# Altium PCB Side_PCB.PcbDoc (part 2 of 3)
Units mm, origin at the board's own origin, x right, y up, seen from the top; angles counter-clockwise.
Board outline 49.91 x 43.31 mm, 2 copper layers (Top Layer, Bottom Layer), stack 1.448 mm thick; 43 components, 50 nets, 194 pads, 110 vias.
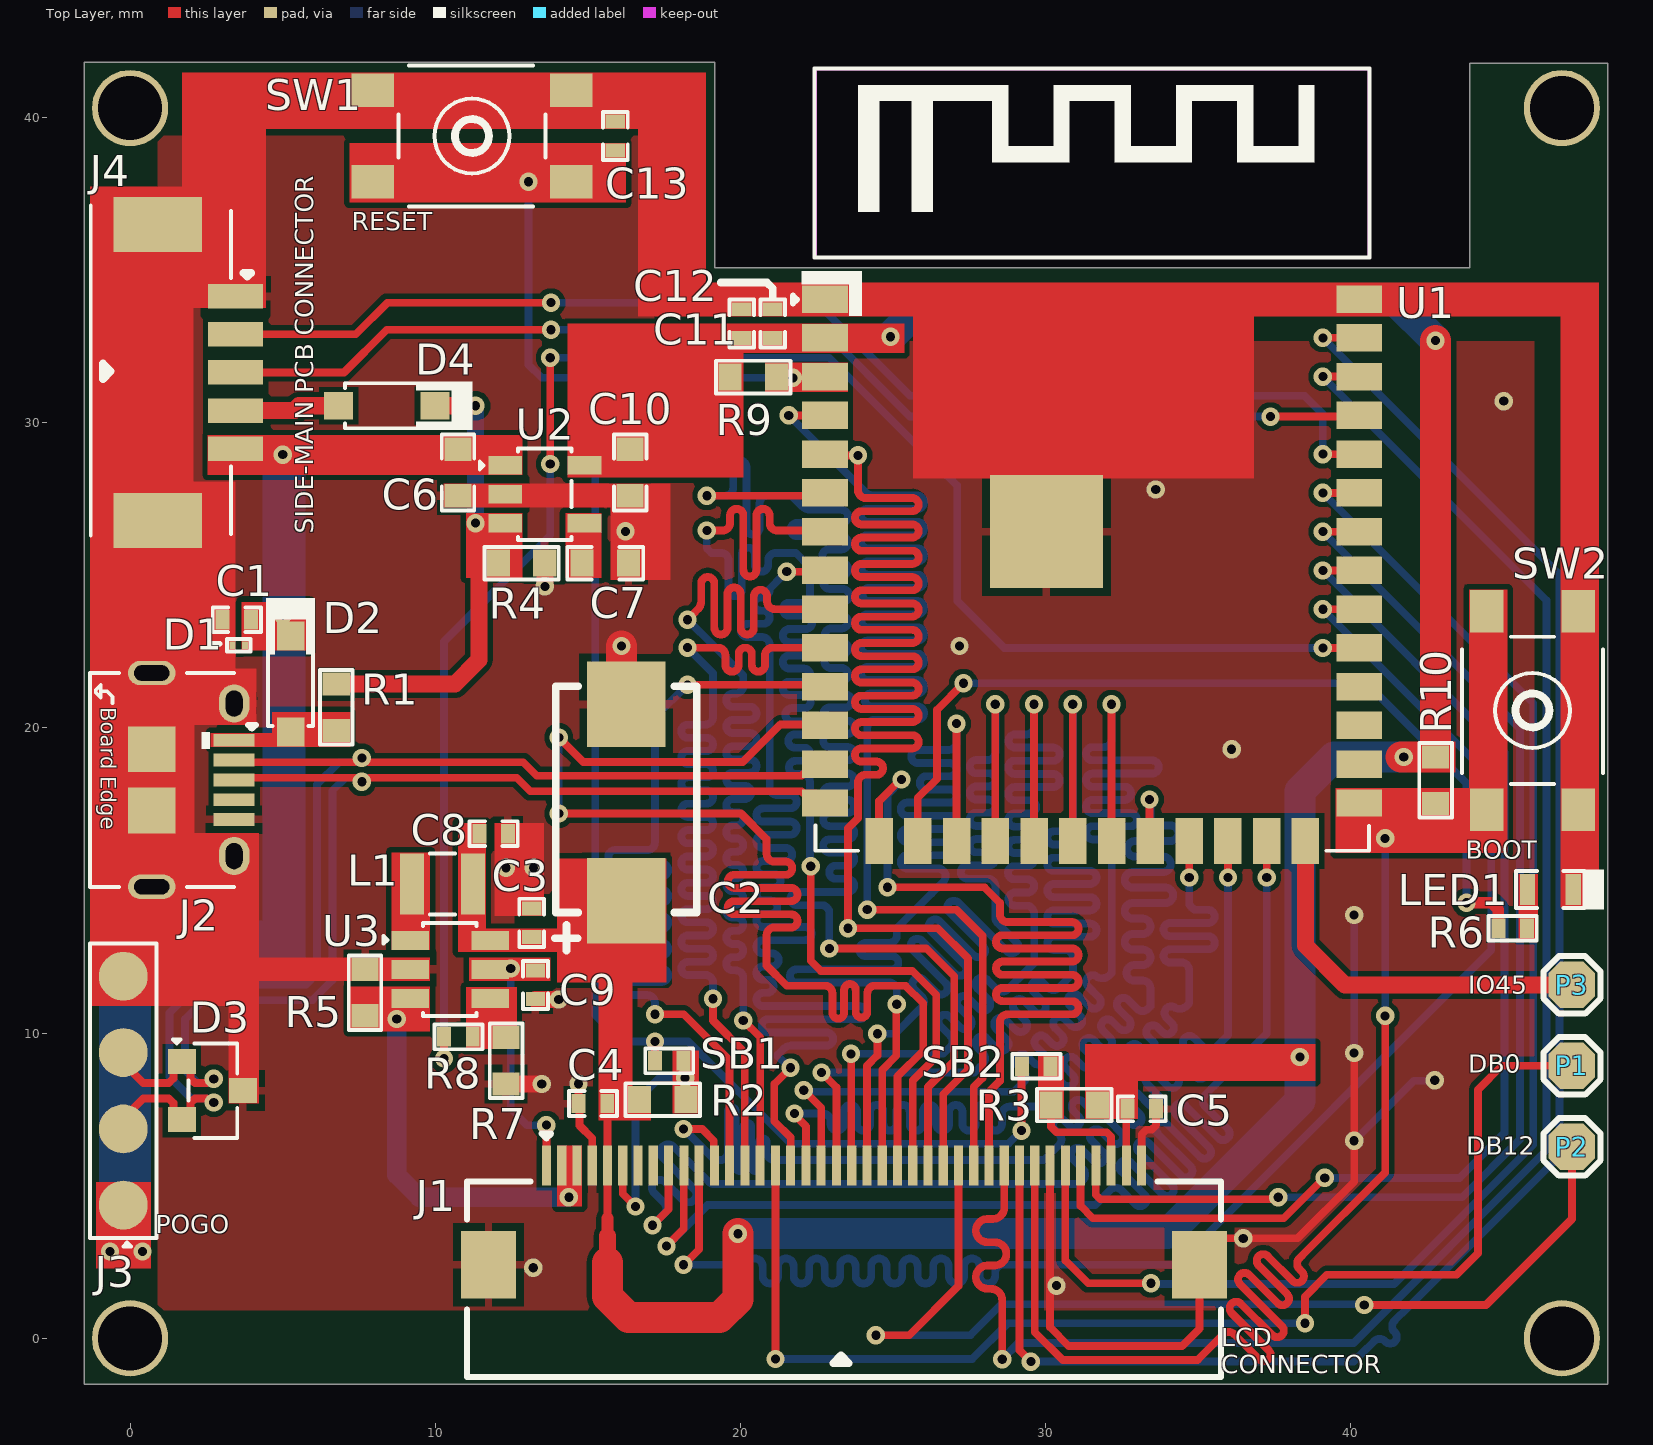
[diagram p0: Top Layer view]

## Via types
v1: diameter 0.6, hole 0.3, Top Layer to Bottom Layer, tented both sides, 102 vias
v2: diameter 0.6, hole 0.3, Top Layer to Bottom Layer, 8 vias

## Nets (pads, with @x,y where several pads share a name; then routed paths per layer and width w, separated by ;. In a path a pad name is that pad's centre, name@x,y a point inside that pad or via, vN(x,y) a via of type N, cw(c..) or ccw(c..) an arc to the next point about the centre after c; other vN are vias at no path point) (continued)
LCD_DB2: (continued)
  Bottom Layer w0.254: v1(21.768,7.366) 22.14,7.366 22.699,7.366 cw(c22.699,7.112) 22.953,7.112 22.953,7.023 ccw(c23.169,7.023) 23.385,7.023 23.385,7.429 cw(c23.601,7.429) 23.817,7.429 23.817,7.023 ccw(c24.032,7.023) 24.248,7.023 24.248,7.429 cw(c24.464,7.429) 24.68,7.429 24.68,7.023 ccw(c24.896,7.023) 25.112,7.023 25.112,7.429 cw(c25.328,7.429) 25.544,7.429 25.544,7.023 ccw(c25.76,7.023) 25.976,7.023 25.976,7.429 cw(c26.191,7.429) 26.407,7.429 26.407,7.023 ccw(c26.623,7.023) 26.839,7.023 26.839,7.429 cw(c27.055,7.429) 27.271,7.429 27.271,7.023 ccw(c27.487,7.023) 27.703,7.023 27.703,7.429 cw(c27.919,7.429) 28.135,7.429 28.135,7.023 ccw(c28.35,7.023) 28.566,7.023 28.566,7.341 cw(c28.82,7.341) 28.82,7.595 29.515,7.595 29.802,7.595 30.15,7.595 30.245,7.69 ccw(c30.066,7.87) 30.245,8.049 30.045,8.25 cw(c30.198,8.403) 30.045,8.555 cw(c30.198,8.403) 30.35,8.555 30.583,8.323 ccw(c30.736,8.475) 30.888,8.323 ccw(c30.736,8.475) 30.888,8.628 30.655,8.861 cw(c30.808,9.013) 30.655,9.166 cw(c30.808,9.013) 30.961,9.166 31.194,8.933 ccw(c31.346,9.086) 31.499,8.933 ccw(c31.346,9.086) 31.499,9.239 31.266,9.472 cw(c31.419,9.624) 31.266,9.777 cw(c31.419,9.624) 31.571,9.777 31.804,9.544 ccw(c31.957,9.697) 32.11,9.544 ccw(c31.957,9.697) 32.11,9.849 31.876,10.082 cw(c32.029,10.235) 31.876,10.388 cw(c32.029,10.235) 32.182,10.388 32.415,10.155 ccw(c32.568,10.307) 32.72,10.155 ccw(c32.568,10.307) 32.72,10.46 32.392,10.789 cw(c32.544,10.941) 32.392,11.094 cw(c32.544,10.941) 32.697,11.094 32.993,10.797 ccw(c33.173,10.977) 33.353,10.797 33.431,10.876 33.431,11.298 33.431,11.342 33.431,11.469 ccw(c33.177,11.469) 33.177,11.723 32.9,11.723 cw(c32.9,11.977) 32.9,12.231 33.177,12.231 ccw(c33.177,12.485) 33.177,12.739 32.847,12.739 cw(c32.847,12.993) 32.847,13.247 33.177,13.247 ccw(c33.177,13.501) 33.177,13.755 32.847,13.755 cw(c32.847,14.009) 32.847,14.263 33.922,14.263 ccw(c33.922,14.517) 33.922,14.771 32.847,14.771 cw(c32.847,15.025) 32.847,15.279 33.843,15.279 ccw(c33.843,15.533) 33.843,15.787 32.922,15.787 cw(c32.922,16.041) 32.922,16.295 34.087,16.295 ccw(c34.087,16.549) 34.087,16.803 33.685,16.803 cw(c33.685,17.057) 33.431,17.057 33.431,17.603 v1@33.431,17.623
LCD_DB3: J1.19 U1.21 | length 44.9
  Top Layer w0.254: v1(22.073,8.128) 22.643,7.557 J1.19@22.643,5.664 ; U1.21@32.156,16.296 v1(32.156,20.777)
  Bottom Layer w0.254: v1(22.073,8.128) 22.123,8.077 28.956,8.077 29.185,8.306 29.274,8.396 ccw(c29.095,8.575) 29.274,8.755 29.087,8.943 cw(c29.239,9.095) 29.087,9.248 cw(c29.239,9.095) 29.392,9.248 29.607,9.033 ccw(c29.759,9.186) 29.912,9.033 ccw(c29.759,9.186) 29.912,9.339 29.697,9.553 cw(c29.85,9.706) 29.697,9.859 cw(c29.85,9.706) 30.002,9.859 30.217,9.644 ccw(c30.37,9.797) 30.523,9.644 ccw(c30.37,9.797) 30.523,9.949 30.308,10.164 cw(c30.46,10.317) 30.308,10.469 cw(c30.46,10.317) 30.613,10.469 30.828,10.255 ccw(c30.981,10.407) 31.133,10.255 ccw(c30.981,10.407) 31.133,10.56 30.779,10.914 cw(c30.931,11.067) 30.779,11.22 cw(c30.931,11.067) 31.084,11.22 31.439,10.865 ccw(c31.591,11.018) 31.744,10.865 ccw(c31.591,11.018) 31.744,11.171 31.387,11.528 cw(c31.539,11.68) 31.387,11.833 cw(c31.539,11.68) 31.692,11.833 ccw(c31.847,12.167) 32.161,11.974 32.161,12.949 32.161,15.966 32.161,16.093 ccw(c31.907,16.093) 31.907,16.347 31.543,16.347 cw(c31.543,16.563) 31.543,16.779 32.772,16.779 ccw(c32.772,16.995) 32.772,17.211 31.539,17.211 cw(c31.539,17.427) 31.539,17.642 32.58,17.642 ccw(c32.58,17.858) 32.58,18.074 31.539,18.074 cw(c31.539,18.29) 31.539,18.506 33.489,18.506 ccw(c33.489,18.722) 33.489,18.938 31.539,18.938 cw(c31.539,19.154) 31.539,19.37 31.907,19.37 ccw(c31.907,19.624) 32.161,19.624 32.161,20.234 v1@32.161,20.777
LCD_DB4: J1.20 U1.20 | length 42.9
  Top Layer w0.254: v1(22.657,8.712) 23.143,8.226 J1.20@23.143,5.664 ; U1.20@30.886,16.296 v1(30.886,20.777)
  Bottom Layer w0.254: v1(22.657,8.712) 27.661,8.712 27.851,8.903 27.941,8.993 ccw(c27.761,9.172) 27.941,9.352 27.766,9.527 cw(c27.918,9.68) 27.766,9.832 cw(c27.918,9.68) 28.071,9.832 28.413,9.49 ccw(c28.566,9.643) 28.718,9.49 ccw(c28.566,9.643) 28.718,9.796 28.376,10.138 cw(c28.529,10.29) 28.376,10.443 cw(c28.529,10.29) 28.682,10.443 29.024,10.101 ccw(c29.176,10.254) 29.329,10.101 ccw(c29.176,10.254) 29.329,10.406 28.987,10.748 cw(c29.14,10.901) 28.987,11.054 cw(c29.14,10.901) 29.292,11.054 29.634,10.712 ccw(c29.787,10.864) 29.94,10.712 ccw(c29.787,10.864) 29.94,11.017 29.598,11.359 cw(c29.75,11.512) 29.598,11.664 cw(c29.75,11.512) 29.903,11.664 30.078,11.489 ccw(c30.258,11.669) 30.437,11.489 30.891,11.943 30.891,12.346 30.891,12.473 ccw(c30.637,12.473) 30.637,12.727 30.269,12.727 cw(c30.269,12.943) 30.269,13.159 31.447,13.159 ccw(c31.447,13.375) 31.447,13.591 30.269,13.591 cw(c30.269,13.807) 30.269,14.023 31.447,14.023 ccw(c31.447,14.239) 31.447,14.455 30.269,14.455 cw(c30.269,14.67) 30.269,14.886 31.447,14.886 ccw(c31.447,15.102) 31.447,15.318 30.269,15.318 cw(c30.269,15.534) 30.269,15.75 30.804,15.75 ccw(c30.804,15.966) 30.804,16.182 30.269,16.182 cw(c30.269,16.398) 30.269,16.614 30.637,16.614 ccw(c30.637,16.868) 30.891,16.868 30.891,17.868 v1@30.891,20.777
LCD_DB5: J1.21 U1.19 | length 41
  Top Layer w0.254: v1(23.622,9.322) 23.633,9.311 23.633,5.674 J1.21@23.643,5.664 ; U1.19@29.616,16.296 v1(29.616,20.777)
  Bottom Layer w0.254: v1(23.622,9.322) 25.342,9.322 26.645,9.322 26.873,9.551 ccw(c26.694,9.73) 26.873,9.91 26.547,10.237 cw(c26.699,10.389) 26.547,10.542 cw(c26.699,10.389) 26.852,10.542 27.206,10.188 ccw(c27.358,10.341) 27.511,10.188 ccw(c27.358,10.341) 27.511,10.494 27.157,10.847 cw(c27.31,11) 27.157,11.153 cw(c27.31,11) 27.463,11.153 27.816,10.799 ccw(c27.969,10.952) 28.122,10.799 ccw(c27.969,10.952) 28.122,11.104 27.768,11.458 cw(c27.921,11.611) 27.768,11.763 cw(c27.921,11.611) 28.073,11.763 28.4,11.436 ccw(c28.58,11.616) 28.759,11.436 29.377,12.054 29.621,12.299 29.621,13.795 29.621,13.922 ccw(c29.367,13.922) 29.367,14.176 28.999,14.176 cw(c28.999,14.392) 28.999,14.608 29.405,14.608 ccw(c29.405,14.824) 29.405,15.04 28.98,15.04 cw(c28.98,15.256) 28.98,15.471 29.405,15.471 ccw(c29.405,15.687) 29.405,15.903 28.986,15.903 cw(c28.986,16.119) 28.986,16.335 29.405,16.335 ccw(c29.405,16.551) 29.405,16.767 28.986,16.767 cw(c28.986,16.983) 28.986,17.199 29.47,17.199 ccw(c29.47,17.415) 29.47,17.63 28.986,17.63 cw(c28.986,17.846) 28.986,18.062 30.244,18.062 ccw(c30.244,18.278) 30.244,18.494 28.986,18.494 cw(c28.986,18.71) 28.986,18.926 30.244,18.926 ccw(c30.244,19.142) 30.244,19.358 28.999,19.358 cw(c28.999,19.574) 28.999,19.789 29.367,19.789 ccw(c29.367,20.043) 29.621,20.043 29.621,20.562 v1@29.621,20.777
LCD_DB6: J1.22 U1.18 | length 42.7
  Top Layer w0.254: J1.22@24.143,5.664 24.143,8.929 24.486,9.271 v1(24.486,9.982) ; U1.18@28.346,16.296 v1(28.346,20.777)
  Bottom Layer w0.254: v1(24.486,9.982) 25.07,9.982 25.845,10.757 25.934,10.847 ccw(c25.755,11.026) 25.934,11.206 25.692,11.448 cw(c25.844,11.601) 25.692,11.754 cw(c25.844,11.601) 25.997,11.754 26.42,11.331 ccw(c26.572,11.484) 26.725,11.331 ccw(c26.572,11.484) 26.725,11.636 25.64,12.722 cw(c25.792,12.874) 25.64,13.027 cw(c25.792,12.874) 25.945,13.027 27.03,11.942 ccw(c27.183,12.094) 27.336,11.942 ccw(c27.183,12.094) 27.336,12.247 26.226,13.356 cw(c26.379,13.509) 26.226,13.662 cw(c26.379,13.509) 26.532,13.662 27.643,12.551 ccw(c27.796,12.703) 27.948,12.551 ccw(c27.796,12.703) 27.948,12.856 26.837,13.967 cw(c26.99,14.12) 26.837,14.272 cw(c26.99,14.12) 27.142,14.272 28.732,12.683 ccw(c28.884,12.836) 29.037,12.683 ccw(c28.884,12.836) 29.037,12.989 28.426,13.6 cw(c28.605,13.779) 28.351,13.779 28.351,14.6 28.351,14.681 28.351,14.808 ccw(c28.097,14.808) 28.097,15.062 27.432,15.062 cw(c27.432,15.278) 27.432,15.494 28.135,15.494 ccw(c28.135,15.71) 28.135,15.926 27.727,15.926 cw(c27.727,16.142) 27.727,16.358 28.135,16.358 ccw(c28.135,16.574) 28.135,16.789 27.727,16.789 cw(c27.727,17.005) 27.727,17.221 28.135,17.221 ccw(c28.135,17.437) 28.135,17.653 27.727,17.653 cw(c27.727,17.869) 27.727,18.085 28.135,18.085 ccw(c28.135,18.301) 28.135,18.517 27.727,18.517 cw(c27.727,18.733) 27.727,18.948 28.097,18.948 ccw(c28.097,19.202) 28.351,19.202 28.351,20.218 v1@28.351,20.777
LCD_DB7: J1.23 U1.17 | length 42.1
  Top Layer w0.254: J1.23@24.643,5.664 24.643,8.794 25.107,9.257 25.107,10.934 v1(25.121,10.947) ; U1.17@27.081,16.291 v1@27.081,20.137
  Bottom Layer w0.254: v1(25.121,10.947) 25.121,11.278 25.121,11.405 ccw(c24.867,11.405) 24.867,11.659 21.836,11.659 cw(c21.836,11.875) 21.836,12.09 24.957,12.09 ccw(c24.957,12.306) 24.957,12.522 24.109,12.522 cw(c24.109,12.738) 24.109,12.954 24.867,12.954 ccw(c24.867,13.208) 25.121,13.208 25.121,13.437 26.264,14.58 26.444,14.76 26.645,14.961 ccw(c26.465,15.141) 26.465,15.395 25.463,15.395 cw(c25.463,15.611) 25.463,15.826 26.863,15.826 ccw(c26.863,16.042) 26.863,16.258 25.463,16.258 cw(c25.463,16.474) 25.463,16.69 26.863,16.69 ccw(c26.863,16.906) 26.863,17.122 25.463,17.122 cw(c25.463,17.338) 25.463,17.554 26.863,17.554 ccw(c26.863,17.77) 26.863,17.985 26.094,17.985 cw(c26.094,18.201) 26.094,18.417 26.863,18.417 ccw(c26.863,18.633) 26.863,18.849 25.809,18.849 cw(c25.809,19.065) 25.809,19.281 26.825,19.281 ccw(c26.825,19.535) 27.079,19.535 27.079,20.14 v1@27.079,20.142
  other v1: 27.076,20.142
■ ■ ■ ■ ■ ■ ■
* [How to complete this task]:
Can the lines from the start of the records through the line with "[diagram p0: Top Layer view]" be given again exactly, with the pictures left out?

* [Exercise solution]:
# Altium PCB Side_PCB.PcbDoc (part 2 of 3)
Units mm, origin at the board's own origin, x right, y up, seen from the top; angles counter-clockwise.
Board outline 49.91 x 43.31 mm, 2 copper layers (Top Layer, Bottom Layer), stack 1.448 mm thick; 43 components, 50 nets, 194 pads, 110 vias.
[diagram p0: Top Layer view]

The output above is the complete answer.